• Instructions to follow:
Below is a set of records, and all of them should be retyped exactly, minus the pictures.

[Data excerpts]
+-------+

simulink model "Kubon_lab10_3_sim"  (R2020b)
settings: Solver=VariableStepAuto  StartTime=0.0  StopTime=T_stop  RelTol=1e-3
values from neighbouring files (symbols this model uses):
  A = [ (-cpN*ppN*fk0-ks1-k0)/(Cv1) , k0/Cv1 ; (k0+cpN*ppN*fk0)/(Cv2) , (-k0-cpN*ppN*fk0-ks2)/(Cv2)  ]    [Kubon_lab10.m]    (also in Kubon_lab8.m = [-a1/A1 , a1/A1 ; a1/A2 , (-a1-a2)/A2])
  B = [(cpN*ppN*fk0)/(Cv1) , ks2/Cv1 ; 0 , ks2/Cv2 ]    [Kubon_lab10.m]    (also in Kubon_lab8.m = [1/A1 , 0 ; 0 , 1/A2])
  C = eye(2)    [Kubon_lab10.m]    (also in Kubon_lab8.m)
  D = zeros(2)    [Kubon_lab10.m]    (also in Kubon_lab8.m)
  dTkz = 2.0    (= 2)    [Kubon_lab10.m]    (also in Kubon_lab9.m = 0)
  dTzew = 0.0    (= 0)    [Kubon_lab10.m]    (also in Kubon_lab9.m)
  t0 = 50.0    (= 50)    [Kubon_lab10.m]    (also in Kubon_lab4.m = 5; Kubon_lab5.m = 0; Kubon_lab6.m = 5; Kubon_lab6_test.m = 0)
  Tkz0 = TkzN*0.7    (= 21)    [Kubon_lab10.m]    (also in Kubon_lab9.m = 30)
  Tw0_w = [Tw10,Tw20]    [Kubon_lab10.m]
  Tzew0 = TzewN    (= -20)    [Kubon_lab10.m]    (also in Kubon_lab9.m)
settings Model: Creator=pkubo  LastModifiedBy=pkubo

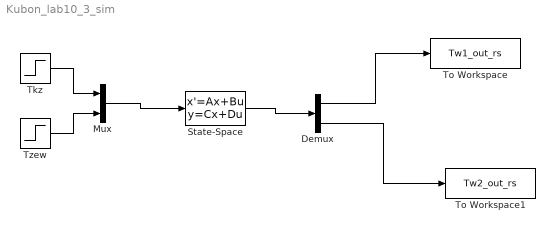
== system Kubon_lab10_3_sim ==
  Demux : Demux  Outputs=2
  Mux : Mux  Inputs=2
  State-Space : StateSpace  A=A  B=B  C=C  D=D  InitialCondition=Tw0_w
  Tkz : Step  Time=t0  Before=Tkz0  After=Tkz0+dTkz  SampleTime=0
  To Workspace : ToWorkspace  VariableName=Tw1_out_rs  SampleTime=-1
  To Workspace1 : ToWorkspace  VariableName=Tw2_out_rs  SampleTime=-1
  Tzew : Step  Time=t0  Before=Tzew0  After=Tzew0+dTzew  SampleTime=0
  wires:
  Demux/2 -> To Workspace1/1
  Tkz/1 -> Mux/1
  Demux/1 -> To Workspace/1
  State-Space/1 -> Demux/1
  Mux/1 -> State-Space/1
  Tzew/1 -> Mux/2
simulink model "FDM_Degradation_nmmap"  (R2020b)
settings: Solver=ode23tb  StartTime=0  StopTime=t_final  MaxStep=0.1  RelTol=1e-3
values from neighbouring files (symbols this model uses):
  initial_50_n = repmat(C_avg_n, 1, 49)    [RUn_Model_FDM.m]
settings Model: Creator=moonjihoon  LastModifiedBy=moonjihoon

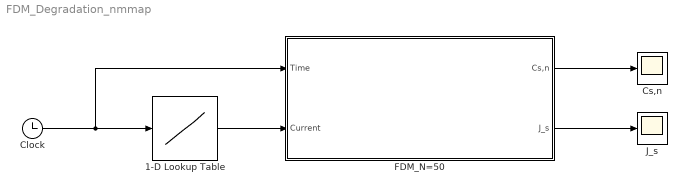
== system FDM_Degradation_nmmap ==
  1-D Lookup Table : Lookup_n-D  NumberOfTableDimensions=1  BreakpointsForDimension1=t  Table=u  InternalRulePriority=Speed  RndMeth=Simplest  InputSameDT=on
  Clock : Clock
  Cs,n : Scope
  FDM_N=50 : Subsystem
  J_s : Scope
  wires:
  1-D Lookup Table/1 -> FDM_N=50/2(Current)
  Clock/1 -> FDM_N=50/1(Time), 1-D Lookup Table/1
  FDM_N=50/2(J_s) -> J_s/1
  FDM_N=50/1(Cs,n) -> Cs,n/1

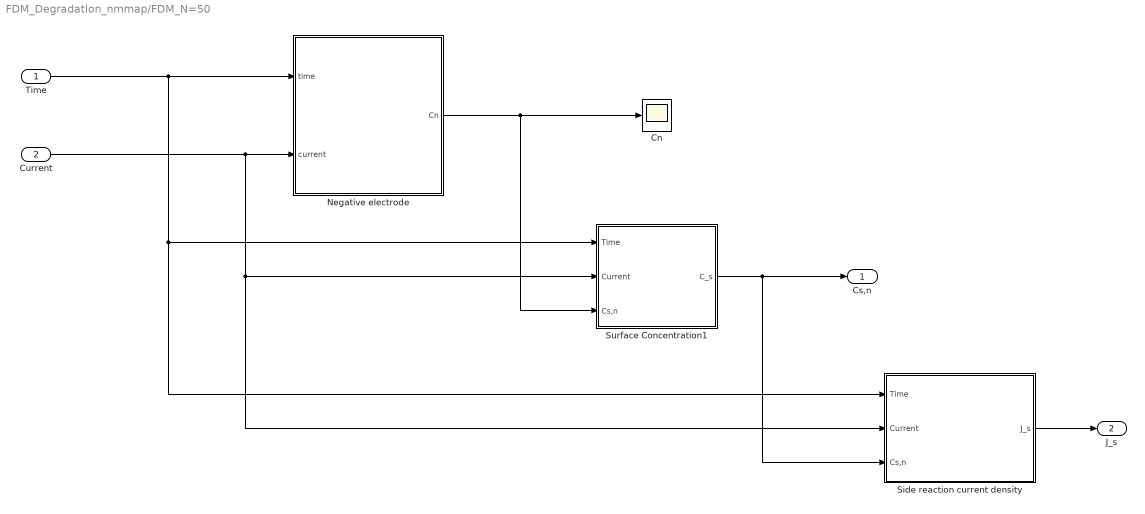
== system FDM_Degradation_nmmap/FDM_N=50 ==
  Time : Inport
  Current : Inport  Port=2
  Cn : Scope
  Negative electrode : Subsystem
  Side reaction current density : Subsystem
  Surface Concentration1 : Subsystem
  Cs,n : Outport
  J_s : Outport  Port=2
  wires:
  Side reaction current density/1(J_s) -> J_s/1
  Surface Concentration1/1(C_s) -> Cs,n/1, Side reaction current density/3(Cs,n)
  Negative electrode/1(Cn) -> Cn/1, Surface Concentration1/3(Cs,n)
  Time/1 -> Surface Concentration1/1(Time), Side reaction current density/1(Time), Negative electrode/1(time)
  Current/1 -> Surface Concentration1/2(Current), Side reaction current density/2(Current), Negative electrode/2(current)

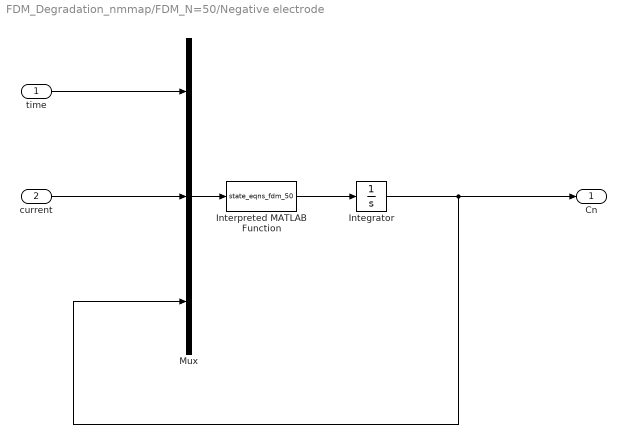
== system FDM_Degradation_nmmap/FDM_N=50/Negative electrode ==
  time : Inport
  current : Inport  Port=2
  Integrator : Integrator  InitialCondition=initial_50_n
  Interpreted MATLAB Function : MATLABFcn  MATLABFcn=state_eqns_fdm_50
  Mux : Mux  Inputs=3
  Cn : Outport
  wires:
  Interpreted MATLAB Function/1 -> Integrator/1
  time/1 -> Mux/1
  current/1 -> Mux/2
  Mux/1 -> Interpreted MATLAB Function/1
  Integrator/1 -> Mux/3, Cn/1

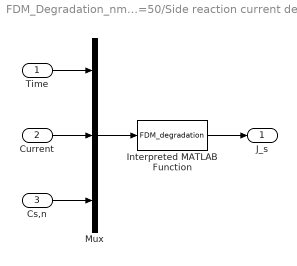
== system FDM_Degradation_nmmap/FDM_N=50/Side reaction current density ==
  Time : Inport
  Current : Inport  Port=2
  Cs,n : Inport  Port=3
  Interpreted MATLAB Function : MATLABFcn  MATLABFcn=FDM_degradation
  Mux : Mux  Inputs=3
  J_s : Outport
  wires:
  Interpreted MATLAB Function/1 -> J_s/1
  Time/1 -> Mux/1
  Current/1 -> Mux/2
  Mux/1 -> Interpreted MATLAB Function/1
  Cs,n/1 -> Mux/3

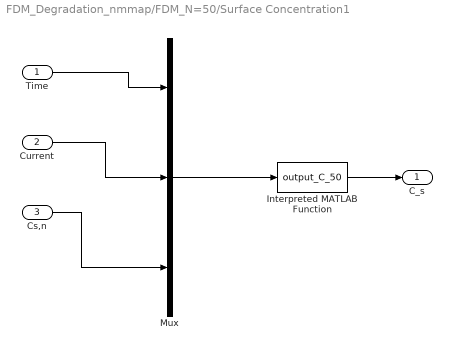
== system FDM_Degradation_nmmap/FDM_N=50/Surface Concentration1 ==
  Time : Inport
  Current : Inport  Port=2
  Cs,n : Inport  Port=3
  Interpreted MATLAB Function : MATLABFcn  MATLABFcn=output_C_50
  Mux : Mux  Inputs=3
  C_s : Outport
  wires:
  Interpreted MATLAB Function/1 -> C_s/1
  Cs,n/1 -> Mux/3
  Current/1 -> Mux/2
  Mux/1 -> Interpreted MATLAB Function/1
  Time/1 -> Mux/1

+-------+

• Output of the task:
simulink model "Kubon_lab10_3_sim"  (R2020b)
settings: Solver=VariableStepAuto  StartTime=0.0  StopTime=T_stop  RelTol=1e-3
values from neighbouring files (symbols this model uses):
  A = [ (-cpN*ppN*fk0-ks1-k0)/(Cv1) , k0/Cv1 ; (k0+cpN*ppN*fk0)/(Cv2) , (-k0-cpN*ppN*fk0-ks2)/(Cv2)  ]    [Kubon_lab10.m]    (also in Kubon_lab8.m = [-a1/A1 , a1/A1 ; a1/A2 , (-a1-a2)/A2])
  B = [(cpN*ppN*fk0)/(Cv1) , ks2/Cv1 ; 0 , ks2/Cv2 ]    [Kubon_lab10.m]    (also in Kubon_lab8.m = [1/A1 , 0 ; 0 , 1/A2])
  C = eye(2)    [Kubon_lab10.m]    (also in Kubon_lab8.m)
  D = zeros(2)    [Kubon_lab10.m]    (also in Kubon_lab8.m)
  dTkz = 2.0    (= 2)    [Kubon_lab10.m]    (also in Kubon_lab9.m = 0)
  dTzew = 0.0    (= 0)    [Kubon_lab10.m]    (also in Kubon_lab9.m)
  t0 = 50.0    (= 50)    [Kubon_lab10.m]    (also in Kubon_lab4.m = 5; Kubon_lab5.m = 0; Kubon_lab6.m = 5; Kubon_lab6_test.m = 0)
  Tkz0 = TkzN*0.7    (= 21)    [Kubon_lab10.m]    (also in Kubon_lab9.m = 30)
  Tw0_w = [Tw10,Tw20]    [Kubon_lab10.m]
  Tzew0 = TzewN    (= -20)    [Kubon_lab10.m]    (also in Kubon_lab9.m)
settings Model: Creator=pkubo  LastModifiedBy=pkubo

== system Kubon_lab10_3_sim ==
  Demux : Demux  Outputs=2
  Mux : Mux  Inputs=2
  State-Space : StateSpace  A=A  B=B  C=C  D=D  InitialCondition=Tw0_w
  Tkz : Step  Time=t0  Before=Tkz0  After=Tkz0+dTkz  SampleTime=0
  To Workspace : ToWorkspace  VariableName=Tw1_out_rs  SampleTime=-1
  To Workspace1 : ToWorkspace  VariableName=Tw2_out_rs  SampleTime=-1
  Tzew : Step  Time=t0  Before=Tzew0  After=Tzew0+dTzew  SampleTime=0
  wires:
  Demux/2 -> To Workspace1/1
  Tkz/1 -> Mux/1
  Demux/1 -> To Workspace/1
  State-Space/1 -> Demux/1
  Mux/1 -> State-Space/1
  Tzew/1 -> Mux/2
simulink model "FDM_Degradation_nmmap"  (R2020b)
settings: Solver=ode23tb  StartTime=0  StopTime=t_final  MaxStep=0.1  RelTol=1e-3
values from neighbouring files (symbols this model uses):
  initial_50_n = repmat(C_avg_n, 1, 49)    [RUn_Model_FDM.m]
settings Model: Creator=moonjihoon  LastModifiedBy=moonjihoon

== system FDM_Degradation_nmmap ==
  1-D Lookup Table : Lookup_n-D  NumberOfTableDimensions=1  BreakpointsForDimension1=t  Table=u  InternalRulePriority=Speed  RndMeth=Simplest  InputSameDT=on
  Clock : Clock
  Cs,n : Scope
  FDM_N=50 : Subsystem
  J_s : Scope
  wires:
  1-D Lookup Table/1 -> FDM_N=50/2(Current)
  Clock/1 -> FDM_N=50/1(Time), 1-D Lookup Table/1
  FDM_N=50/2(J_s) -> J_s/1
  FDM_N=50/1(Cs,n) -> Cs,n/1

== system FDM_Degradation_nmmap/FDM_N=50 ==
  Time : Inport
  Current : Inport  Port=2
  Cn : Scope
  Negative electrode : Subsystem
  Side reaction current density : Subsystem
  Surface Concentration1 : Subsystem
  Cs,n : Outport
  J_s : Outport  Port=2
  wires:
  Side reaction current density/1(J_s) -> J_s/1
  Surface Concentration1/1(C_s) -> Cs,n/1, Side reaction current density/3(Cs,n)
  Negative electrode/1(Cn) -> Cn/1, Surface Concentration1/3(Cs,n)
  Time/1 -> Surface Concentration1/1(Time), Side reaction current density/1(Time), Negative electrode/1(time)
  Current/1 -> Surface Concentration1/2(Current), Side reaction current density/2(Current), Negative electrode/2(current)

== system FDM_Degradation_nmmap/FDM_N=50/Negative electrode ==
  time : Inport
  current : Inport  Port=2
  Integrator : Integrator  InitialCondition=initial_50_n
  Interpreted MATLAB Function : MATLABFcn  MATLABFcn=state_eqns_fdm_50
  Mux : Mux  Inputs=3
  Cn : Outport
  wires:
  Interpreted MATLAB Function/1 -> Integrator/1
  time/1 -> Mux/1
  current/1 -> Mux/2
  Mux/1 -> Interpreted MATLAB Function/1
  Integrator/1 -> Mux/3, Cn/1

== system FDM_Degradation_nmmap/FDM_N=50/Side reaction current density ==
  Time : Inport
  Current : Inport  Port=2
  Cs,n : Inport  Port=3
  Interpreted MATLAB Function : MATLABFcn  MATLABFcn=FDM_degradation
  Mux : Mux  Inputs=3
  J_s : Outport
  wires:
  Interpreted MATLAB Function/1 -> J_s/1
  Time/1 -> Mux/1
  Current/1 -> Mux/2
  Mux/1 -> Interpreted MATLAB Function/1
  Cs,n/1 -> Mux/3

== system FDM_Degradation_nmmap/FDM_N=50/Surface Concentration1 ==
  Time : Inport
  Current : Inport  Port=2
  Cs,n : Inport  Port=3
  Interpreted MATLAB Function : MATLABFcn  MATLABFcn=output_C_50
  Mux : Mux  Inputs=3
  C_s : Outport
  wires:
  Interpreted MATLAB Function/1 -> C_s/1
  Cs,n/1 -> Mux/3
  Current/1 -> Mux/2
  Mux/1 -> Interpreted MATLAB Function/1
  Time/1 -> Mux/1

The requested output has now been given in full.